Hier mal meine Kurzfassung der wichtigsten Punkte:

- "neues" Logo und Font: Wäre mir gar nicht aufgefallen. Ich fände es mal an der Zeit, dass PCG einen kompletten Neustart mit völlig verändertem Logo, Layout, Farbgebung und Schriftart hinlegt.

- Veränderungswünsche am Heft: Inhalt sollte ausschließlich aus vielen Tests (auch Budget und DLCs sowie schlechte Titel) und einer stattlichen Anzahl (weniger als Tests) Vorschauen bestehen. Abschaffung von unnötigen Anglizismen. Anschaffung von unnötigen Specials (sowas kann man gerne in den Extended-Versionen anbieten), in einer Spielezeitschrift will ich ausschließlich über Spieletests und Vorschauen informiert werden. Dafür die Seiten lieber zur Einbindung der MMore nutzen und aktuellen MMOs etwas mehr Platz widmen. Rossis Rumpelkammer gehört zum Inventar, also bitte beibehalten.

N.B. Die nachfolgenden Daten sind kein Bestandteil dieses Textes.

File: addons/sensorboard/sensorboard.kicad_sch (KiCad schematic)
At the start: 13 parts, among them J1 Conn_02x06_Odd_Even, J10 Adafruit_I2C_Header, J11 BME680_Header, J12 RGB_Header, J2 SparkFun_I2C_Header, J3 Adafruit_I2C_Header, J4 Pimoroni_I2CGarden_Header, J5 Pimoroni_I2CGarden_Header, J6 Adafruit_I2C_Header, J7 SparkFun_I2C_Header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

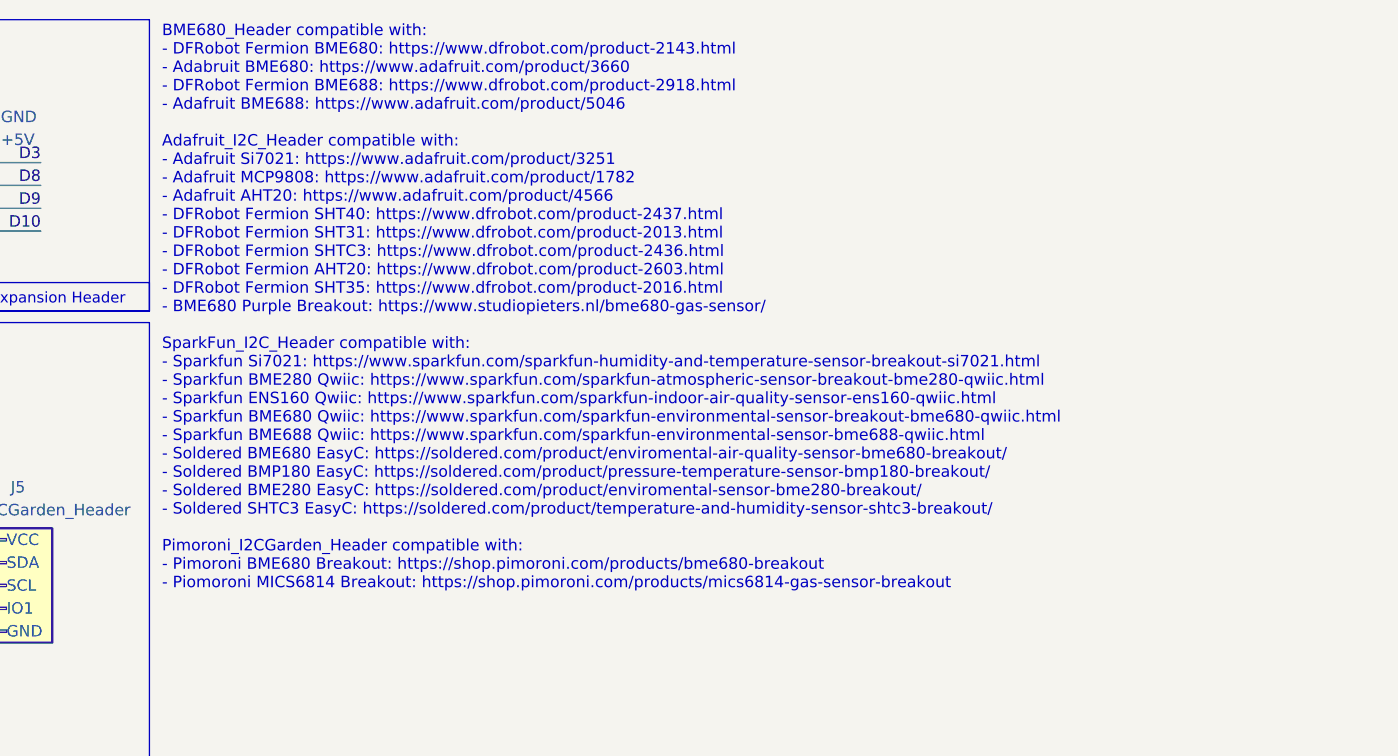
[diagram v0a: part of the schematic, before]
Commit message: More compact version of the AQStation
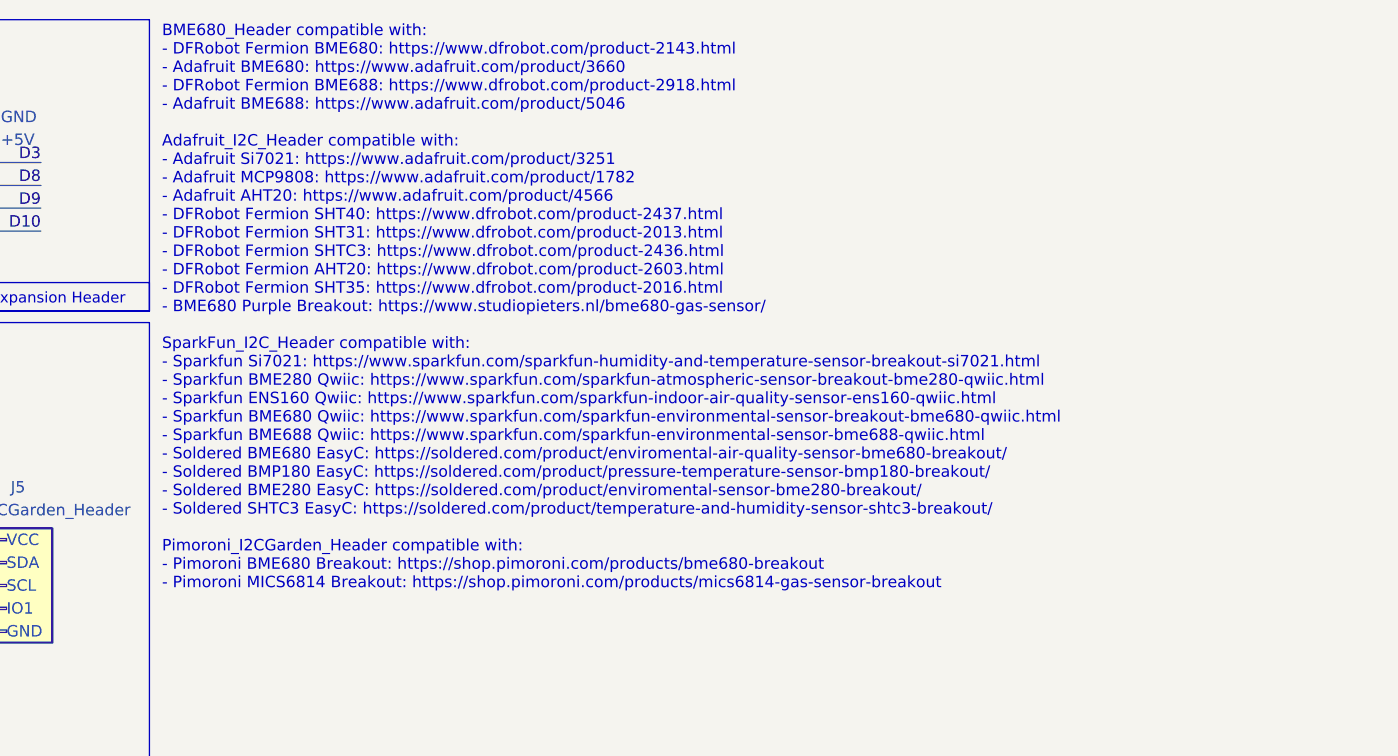
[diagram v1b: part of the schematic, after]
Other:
- note added: "BME680_Header compatible with: - DFRobot Fermion BME680: https://www.dfrobot.com/product-2143.html - Adafruit BME680: https://www.adafruit.com/product/3660 - DFRobot Fermion BME688: https://www.dfrobot.com/product-2918.html - Adafruit BME688: https://www.adafruit.com/product/5046 Adafruit_I2C_Header compatible with: - Adafruit Si7021: https://www.adafruit.com/product/3251 - Adafruit MCP9808: http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"
- note removed: "BME680_Header compatible with: - DFRobot Fermion BME680: https://www.dfrobot.com/product-2143.html - Adabruit BME680: https://www.adafruit.com/product/3660 - DFRobot Fermion BME688: https://www.dfrobot.com/product-2918.html - Adafruit BME688: https://www.adafruit.com/product/5046 Adafruit_I2C_Header compatible with: - Adafruit Si7021: https://www.adafruit.com/product/3251 - Adafruit MCP9808: http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"
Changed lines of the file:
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@@
 		)
 	)
-	(text "BME680_Header compatible with:\n- DFRobot Fermion BME680: https://www.dfrobot.com/product-2143.html\n- Adabruit BME680: https://www.adafruit.com/product/3660\n- DFRobot Fermion BME688: https://www.dfrobot.com/product-2918.html\n- Adafruit BME688: https://www.adafruit.com/product/5046\n\nAdafruit_I2C_Header compatible with:\n- Adafruit Si7021: https://www.adafruit.com/product/3251\n- Adafruit MCP9808: https://www.adafruit.com/product/1782\n- Adafruit AHT20: https://www.adafruit.com/product/4566\n- DFRobot Fermion SHT40: https://www.dfrobot.com/product-2437.html\n- DFRobot Fermion SHT31: https://www.dfrobot.com/product-2013.html\n- DFRobot Fermion SHTC3: https://www.dfrobot.com/product-2436.html\n- DFRobot Fermion AHT20: https://www.dfrobot.com/product-2603.html\n- DFRobot Fermion SHT35: https://www.dfrobot.com/product-2016.html\n- BME680 Purple Breakout: https://www.studiopieters.nl/bme680-gas-sensor/\n\nSparkFun_I2C_Header compatible with:\n- Sparkfun Si7021: https://www.sparkfun.com/sparkfun-humidity-and-temperature-sensor-breakout-si7021.html\n- Sparkfun BME280 Qwiic: https://www.sparkfun.com/sparkfun-atmospheric-sensor-breakout-bme280-qwiic.html\n- Sparkfun ENS160 Qwiic: https://www.sparkfun.com/sparkfun-indoor-air-quality-sensor-ens160-qwiic.html\n- Sparkfun BME680 Qwiic: https://www.sparkfun.com/sparkfun-environmental-sensor-breakout-bme680-qwiic.html\n- Sparkfun BME688 Qwiic: https://www.sparkfun.com/sparkfun-environmental-sensor-bme688-qwiic.html\n- Soldered BME680 EasyC: https://soldered.com/product/enviromental-air-quality-sensor-bme680-breakout/\n- Soldered BMP180 EasyC: https://soldered.com/product/pressure-temperature-sensor-bmp180-breakout/\n- Soldered BME280 EasyC: https://soldered.com/product/enviromental-sensor-bme280-breakout/\n- Soldered SHTC3 EasyC: https://soldered.com/product/temperature-and-humidity-sensor-shtc3-breakout/\n\nPimoroni_I2CGarden_Header compatible with:\n- Pimoroni BME680 Breakout: https://shop.pimoroni.com/products/bme680-breakout\n- Piomoroni MICS6814 Breakout: https://shop.pimoroni.com/products/mics6814-gas-sensor-breakout"
+	(text "BME680_Header compatible with:\n- DFRobot Fermion BME680: https://www.dfrobot.com/product-2143.html\n- Adafruit BME680: https://www.adafruit.com/product/3660\n- DFRobot Fermion BME688: https://www.dfrobot.com/product-2918.html\n- Adafruit BME688: https://www.adafruit.com/product/5046\n\nAdafruit_I2C_Header compatible with:\n- Adafruit Si7021: https://www.adafruit.com/product/3251\n- Adafruit MCP9808: https://www.adafruit.com/product/1782\n- Adafruit AHT20: https://www.adafruit.com/product/4566\n- DFRobot Fermion SHT40: https://www.dfrobot.com/product-2437.html\n- DFRobot Fermion SHT31: https://www.dfrobot.com/product-2013.html\n- DFRobot Fermion SHTC3: https://www.dfrobot.com/product-2436.html\n- DFRobot Fermion AHT20: https://www.dfrobot.com/product-2603.html\n- DFRobot Fermion SHT35: https://www.dfrobot.com/product-2016.html\n- BME680 Purple Breakout: https://www.studiopieters.nl/bme680-gas-sensor/\n\nSparkFun_I2C_Header compatible with:\n- Sparkfun Si7021: https://www.sparkfun.com/sparkfun-humidity-and-temperature-sensor-breakout-si7021.html\n- Sparkfun BME280 Qwiic: https://www.sparkfun.com/sparkfun-atmospheric-sensor-breakout-bme280-qwiic.html\n- Sparkfun ENS160 Qwiic: https://www.sparkfun.com/sparkfun-indoor-air-quality-sensor-ens160-qwiic.html\n- Sparkfun BME680 Qwiic: https://www.sparkfun.com/sparkfun-environmental-sensor-breakout-bme680-qwiic.html\n- Sparkfun BME688 Qwiic: https://www.sparkfun.com/sparkfun-environmental-sensor-bme688-qwiic.html\n- Soldered BME680 EasyC: https://soldered.com/product/enviromental-air-quality-sensor-bme680-breakout/\n- Soldered BMP180 EasyC: https://soldered.com/product/pressure-temperature-sensor-bmp180-breakout/\n- Soldered BME280 EasyC: https://soldered.com/product/enviromental-sensor-bme280-breakout/\n- Soldered SHTC3 EasyC: https://soldered.com/product/temperature-and-humidity-sensor-shtc3-breakout/\n\nPimoroni_I2CGarden_Header compatible with:\n- Pimoroni BME680 Breakout: https://shop.pimoroni.com/products/bme680-breakout\n- Pimoroni MICS6814 Breakout: https://shop.pimoroni.com/products/mics6814-gas-sensor-breakout"
 		(exclude_from_sim no)
 		(at 131.572 13.97 0)

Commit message: Finalize aqstation
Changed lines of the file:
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@@
 		)
 	)
-	(text "BME680_Header compatible with:\n- DFRobot Fermion BME680: https://www.dfrobot.com/product-2143.html\n- Adafruit BME680: https://www.adafruit.com/product/3660\n- DFRobot Fermion BME688: https://www.dfrobot.com/product-2918.html\n- Adafruit BME688: https://www.adafruit.com/product/5046\n\nAdafruit_I2C_Header compatible with:\n- Adafruit Si7021: https://www.adafruit.com/product/3251\n- Adafruit MCP9808: https://www.adafruit.com/product/1782\n- Adafruit AHT20: https://www.adafruit.com/product/4566\n- DFRobot Fermion SHT40: https://www.dfrobot.com/product-2437.html\n- DFRobot Fermion SHT31: https://www.dfrobot.com/product-2013.html\n- DFRobot Fermion SHTC3: https://www.dfrobot.com/product-2436.html\n- DFRobot Fermion AHT20: https://www.dfrobot.com/product-2603.html\n- DFRobot Fermion SHT35: https://www.dfrobot.com/product-2016.html\n- BME680 Purple Breakout: https://www.studiopieters.nl/bme680-gas-sensor/\n\nSparkFun_I2C_Header compatible with:\n- Sparkfun Si7021: https://www.sparkfun.com/sparkfun-humidity-and-temperature-sensor-breakout-si7021.html\n- Sparkfun BME280 Qwiic: https://www.sparkfun.com/sparkfun-atmospheric-sensor-breakout-bme280-qwiic.html\n- Sparkfun ENS160 Qwiic: https://www.sparkfun.com/sparkfun-indoor-air-quality-sensor-ens160-qwiic.html\n- Sparkfun BME680 Qwiic: https://www.sparkfun.com/sparkfun-environmental-sensor-breakout-bme680-qwiic.html\n- Sparkfun BME688 Qwiic: https://www.sparkfun.com/sparkfun-environmental-sensor-bme688-qwiic.html\n- Soldered BME680 EasyC: https://soldered.com/product/enviromental-air-quality-sensor-bme680-breakout/\n- Soldered BMP180 EasyC: https://soldered.com/product/pressure-temperature-sensor-bmp180-breakout/\n- Soldered BME280 EasyC: https://soldered.com/product/enviromental-sensor-bme280-breakout/\n- Soldered SHTC3 EasyC: https://soldered.com/product/temperature-and-humidity-sensor-shtc3-breakout/\n\nPimoroni_I2CGarden_Header compatible with:\n- Pimoroni BME680 Breakout: https://shop.pimoroni.com/products/bme680-breakout\n- Pimoroni MICS6814 Breakout: https://shop.pimoroni.com/products/mics6814-gas-sensor-breakout"
+	(text "BME680_Header compatible with:\n- DFRobot Fermion BME680: https://www.dfrobot.com/product-2143.html\n- Adafruit BME680: https://www.adafruit.com/product/3660\n- DFRobot Fermion BME688: https://www.dfrobot.com/product-2918.html\n- Adafruit BME688: https://www.adafruit.com/product/5046\n\nAdafruit_I2C_Header compatible with:\n- Adafruit Si7021: https://www.adafruit.com/product/3251\n- Adafruit MCP9808: https://www.adafruit.com/product/1782\n- Adafruit AHT20: https://www.adafruit.com/product/4566\n- DFRobot Fermion SHT40: https://www.dfrobot.com/product-2437.html\n- DFRobot Fermion SHT31: https://www.dfrobot.com/product-2013.html\n- DFRobot Fermion SHTC3: https://www.dfrobot.com/product-2436.html\n- DFRobot Fermion AHT20: https://www.dfrobot.com/product-2603.html\n- DFRobot Fermion SHT35: https://www.dfrobot.com/product-2016.html\n- BME680 Purple Breakout: https://www.studiopieters.nl/bme680-gas-sensor/\n\nSparkFun_I2C_Header compatible with:\n- Sparkfun Si7021: https://www.sparkfun.com/sparkfun-humidity-and-temperature-sensor-breakout-si7021.html\n- Sparkfun BME280 Qwiic: https://www.sparkfun.com/sparkfun-atmospheric-sensor-breakout-bme280-qwiic.html\n- Sparkfun ENS160 Qwiic: https://www.sparkfun.com/sparkfun-indoor-air-quality-sensor-ens160-qwiic.html\n- Sparkfun BME680 Qwiic: https://www.sparkfun.com/sparkfun-environmental-sensor-breakout-bme680-qwiic.html\n- Sparkfun BME688 Qwiic: https://www.sparkfun.com/sparkfun-environmental-sensor-bme688-qwiic.html\n- Soldered BME680 EasyC: https://soldered.com/product/enviromental-air-quality-sensor-bme680-breakout/\n- Soldered BMP180 EasyC: https://soldered.com/product/pressure-temperature-sensor-bmp180-breakout/\n- Soldered BME280 EasyC: https://soldered.com/product/enviromental-sensor-bme280-breakout/\n- Soldered SHTC3 EasyC: https://soldered.com/product/temperature-and-humidity-sensor-shtc3-breakout/\n\nPimoroni_I2CGarden_Header compatible with:\n- Pimoroni BME680 Breakout: https://shop.pimoroni.com/products/bme680-breakout\n- Pimoroni MICS6814 Breakout: https://shop.pimoroni.com/products/mics6814-gas-sensor-breakout\n\nST/Qwiic Connector compatible with\n- Qwiic sensors: https://www.sparkfun.com/qwiic\n- STEMMA QT sensors: https://learn.adafruit.com/introducing-adafruit-stemma-qt/what-is-stemma-qt\n- easyC sensors: https://soldered.com/easyC/"
 		(exclude_from_sim no)
-		(at 131.572 13.97 0)
+		(at 131.572 14.732 0)
 		(effects
 			(font

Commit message: Fix issues with the initial version and add support for DFRobot BME breakouts
Update documentation
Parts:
- J11: value BME680_Header -> Adafruit_BME680_Header; footprint Header:BME680_Header -> Header:Adafruit_BME680_Header; symbol Header:BME680_Header -> Header:Adafruit_BME680_Header
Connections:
- net D6: now also J11.5 (SDO)
- net D7: now also J11.7 (CS)
- no-connect marks 9 -> 7
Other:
- note added: "Adafruit_BME680_Header compatible with: - Adafruit BME280: https://www.adafruit.com/product/2652 - Adafruit BME680: https://www.adafruit.com/product/3660 - Adafruit BME688: https://www.adafruit.com/product/5046 Adafruit_I2C_Header compatible with: - Adafruit Si7021: https://www.adafruit.com/product/3251 - Adafruit MCP9808: https://www.adafruit.com/product/1782 - Adafruit AHT20: https://www.adafru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"
- note removed: "BME680_Header compatible with: - DFRobot Fermion BME680: https://www.dfrobot.com/product-2143.html - Adafruit BME680: https://www.adafruit.com/product/3660 - DFRobot Fermion BME688: https://www.dfrobot.com/product-2918.html - Adafruit BME688: https://www.adafruit.com/product/5046 Adafruit_I2C_Header compatible with: - Adafruit Si7021: https://www.adafruit.com/product/3251 - Adafruit MCP9808: http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"
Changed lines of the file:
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@@
 		)
 	)
-	(text "BME680_Header compatible with:\n- DFRobot Fermion BME680: https://www.dfrobot.com/product-2143.html\n- Adafruit BME680: https://www.adafruit.com/product/3660\n- DFRobot Fermion BME688: https://www.dfrobot.com/product-2918.html\n- Adafruit BME688: https://www.adafruit.com/product/5046\n\nAdafruit_I2C_Header compatible with:\n- Adafruit Si7021: https://www.adafruit.com/product/3251\n- Adafruit MCP9808: https://www.adafruit.com/product/1782\n- Adafruit AHT20: https://www.adafruit.com/product/4566\n- DFRobot Fermion SHT40: https://www.dfrobot.com/product-2437.html\n- DFRobot Fermion SHT31: https://www.dfrobot.com/product-2013.html\n- DFRobot Fermion SHTC3: https://www.dfrobot.com/product-2436.html\n- DFRobot Fermion AHT20: https://www.dfrobot.com/product-2603.html\n- DFRobot Fermion SHT35: https://www.dfrobot.com/product-2016.html\n- BME680 Purple Breakout: https://www.studiopieters.nl/bme680-gas-sensor/\n\nSparkFun_I2C_Header compatible with:\n- Sparkfun Si7021: https://www.sparkfun.com/sparkfun-humidity-and-temperature-sensor-breakout-si7021.html\n- Sparkfun BME280 Qwiic: https://www.sparkfun.com/sparkfun-atmospheric-sensor-breakout-bme280-qwiic.html\n- Sparkfun ENS160 Qwiic: https://www.sparkfun.com/sparkfun-indoor-air-quality-sensor-ens160-qwiic.html\n- Sparkfun BME680 Qwiic: https://www.sparkfun.com/sparkfun-environmental-sensor-breakout-bme680-qwiic.html\n- Sparkfun BME688 Qwiic: https://www.sparkfun.com/sparkfun-environmental-sensor-bme688-qwiic.html\n- Soldered BME680 EasyC: https://soldered.com/product/enviromental-air-quality-sensor-bme680-breakout/\n- Soldered BMP180 EasyC: https://soldered.com/product/pressure-temperature-sensor-bmp180-breakout/\n- Soldered BME280 EasyC: https://soldered.com/product/enviromental-sensor-bme280-breakout/\n- Soldered SHTC3 EasyC: https://soldered.com/product/temperature-and-humidity-sensor-shtc3-breakout/\n\nPimoroni_I2CGarden_Header compatible with:\n- Pimoroni BME680 Breakout: https://shop.pimoroni.com/products/bme680-breakout\n- Pimoroni MICS6814 Breakout: https://shop.pimoroni.com/products/mics6814-gas-sensor-breakout\n\nST/Qwiic Connector compatible with\n- Qwiic sensors: https://www.sparkfun.com/qwiic\n- STEMMA QT sensors: https://learn.adafruit.com/introducing-adafruit-stemma-qt/what-is-stemma-qt\n- easyC sensors: https://soldered.com/easyC/"
+	(text "Adafruit_BME680_Header compatible with:\n- Adafruit BME280: https://www.adafruit.com/product/2652\n- Adafruit BME680: https://www.adafruit.com/product/3660\n- Adafruit BME688: https://www.adafruit.com/product/5046\n\nAdafruit_I2C_Header compatible with:\n- Adafruit Si7021: https://www.adafruit.com/product/3251\n- Adafruit MCP9808: https://www.adafruit.com/product/1782\n- Adafruit AHT20: https://www.adafruit.com/product/4566\n- DFRobot Fermion SHT40: https://www.dfrobot.com/product-2437.html\n- DFRobot Fermion SHT31: https://www.dfrobot.com/product-2013.html\n- DFRobot Fermion SHTC3: https://www.dfrobot.com/product-2436.html\n- DFRobot Fermion AHT20: https://www.dfrobot.com/product-2603.html\n- DFRobot Fermion SHT35: https://www.dfrobot.com/product-2016.html\n- BME680 Purple Breakout: https://www.studiopieters.nl/bme680-gas-sensor/\n\nSparkFun_I2C_Header compatible with:\n- Sparkfun Si7021: https://www.sparkfun.com/sparkfun-humidity-and-temperature-sensor-breakout-si7021.html\n- Sparkfun BME280 Qwiic: https://www.sparkfun.com/sparkfun-atmospheric-sensor-breakout-bme280-qwiic.html\n- Sparkfun ENS160 Qwiic: https://www.sparkfun.com/sparkfun-indoor-air-quality-sensor-ens160-qwiic.html\n- Sparkfun BME680 Qwiic: https://www.sparkfun.com/sparkfun-environmental-sensor-breakout-bme680-qwiic.html\n- Sparkfun BME688 Qwiic: https://www.sparkfun.com/sparkfun-environmental-sensor-bme688-qwiic.html\n- Soldered BME680 EasyC: https://soldered.com/product/enviromental-air-quality-sensor-bme680-breakout/\n- Soldered BMP180 EasyC: https://soldered.com/product/pressure-temperature-sensor-bmp180-breakout/\n- Soldered BME280 EasyC: https://soldered.com/product/enviromental-sensor-bme280-breakout/\n- Soldered SHTC3 EasyC: https://soldered.com/product/temperature-and-humidity-sensor-shtc3-breakout/\n\nPimoroni_I2CGarden_Header compatible with:\n- Pimoroni BME680 Breakout: https://shop.pimoroni.com/products/bme680-breakout\n- Pimoroni MICS6814 Breakout: https://shop.pimoroni.com/products/mics6814-gas-sensor-breakout\n\nST/Qwiic Connector compatible with\n- Qwiic sensors: https://www.sparkfun.com/qwiic\n- STEMMA QT sensors: https://learn.adafruit.com/introducing-adafruit-stemma-qt/what-is-stemma-qt\n- easyC sensors: https://soldered.com/easyC/"
 		(exclude_from_sim no)
 		(at 131.572 14.732 0)
@@
 	)
 	(no_connect
-		(at 63.5 123.19)
-	)
-	(no_connect
-		(at 63.5 118.11)
-	)
-	(no_connect
 		(at 80.01 63.5)
 	)
@@
 	(wire
 		(pts
+			(xy 63.5 123.19) (xy 71.12 123.19)
+		)
+		(stroke
+			(width 0)
+			(type default)
+		)
+	)
+	(wire
+		(pts
 			(xy 58.42 63.5) (xy 58.42 71.12)
 		)
@@
 		(pts
 			(xy 55.88 33.02) (xy 63.5 33.02)
+		)
+		(stroke
+			(width 0)
+			(type default)
+		)
+	)
+	(wire
+		(pts
+			(xy 63.5 118.11) (xy 71.12 118.11)
 		)
 		(stroke
@@
 		)
 	)
+	(label "D6"
+		(at 71.12 123.19 180)
+		(effects
+			(font
+				(size 1.27 1.27)
+			)
+			(justify right bottom)
+		)
+	)
 	(label "SDA"
 		(at 90.17 71.12 90)
@@
 	(label "D8"
 		(at 85.09 80.01 270)
+		(effects
+			(font
+				(size 1.27 1.27)
+			)
+			(justify right bottom)
+		)
+	)
+	(label "D7"
+		(at 71.12 118.11 180)
 		(effects
 			(font
@@
 	)
 	(symbol
-		(lib_id "Header:BME680_Header")
+		(lib_id "Header:Adafruit_BME680_Header")
 		(at 57.15 125.73 180)
 		(unit 1)
@@
 		(dnp no)
 		(property "Reference" "J11"
-			(at 53.594 113.284 0)
+			(at 53.34 113.284 0)
 			(effects
 				(font
@@
 			)
 		)
-		(property "Value" "BME680_Header"
+		(property "Value" "Adafruit_BME680_Header"
 			(at 53.34 115.316 0)
 			(effects
@@
 			)
 		)
-		(property "Footprint" "Header:BME680_Header"
+		(property "Footprint" "Header:Adafruit_BME680_Header"
 			(at 57.15 125.73 0)
 			(effects

- Veränderungswünsche an der Internetpräsenz: Werbung nervt! Daher bitte ähnlich der Gamestar ein PCG+ einführen. Ich zahle gerne einen monatlichen Beitrag für eure Arbeit - aber nicht, wenn sie wie im Heft bereits hoffnungslos veraltet ist und auch nicht über aufgezwungene Werbung. Adblock+ ist daher immer an, ein schlechtes Gewissen ist aber auch immer an. Bietet für 3-5€ im Monat eine werbefreie (und zwar OHNE Ausnahme = auch bei sämtlichen Videos, keine Eigenwerbung, kein aufploppendes "könnte sie auch interessieren") Seite mit dem ein oder anderen +-exklusiven Extra an (z.B. 5 Artikel im Monat oder auch, bei 5€, die aktuelle Ausgabe als PDF).


----------



## Headbanger79 (21. Februar 2015)

Hm, Emergency 2013...ich zock das 4. immer noch gerne ab und an. Ist das 2013er empfehlenswert? Was habt ihr da für Erfahrungen?


----------



## sauerlandboy79 (21. Februar 2015)

Bin ein klein wenig über die Vollversion enttäuscht. Da hat man in der Vorschau des letzten Heftes ein großes Geheimnis gemacht, da malte man sich schon einen Titel von großem Namen... Und dann ist es doch "nur" dieser Feuerwehr-Simulator. 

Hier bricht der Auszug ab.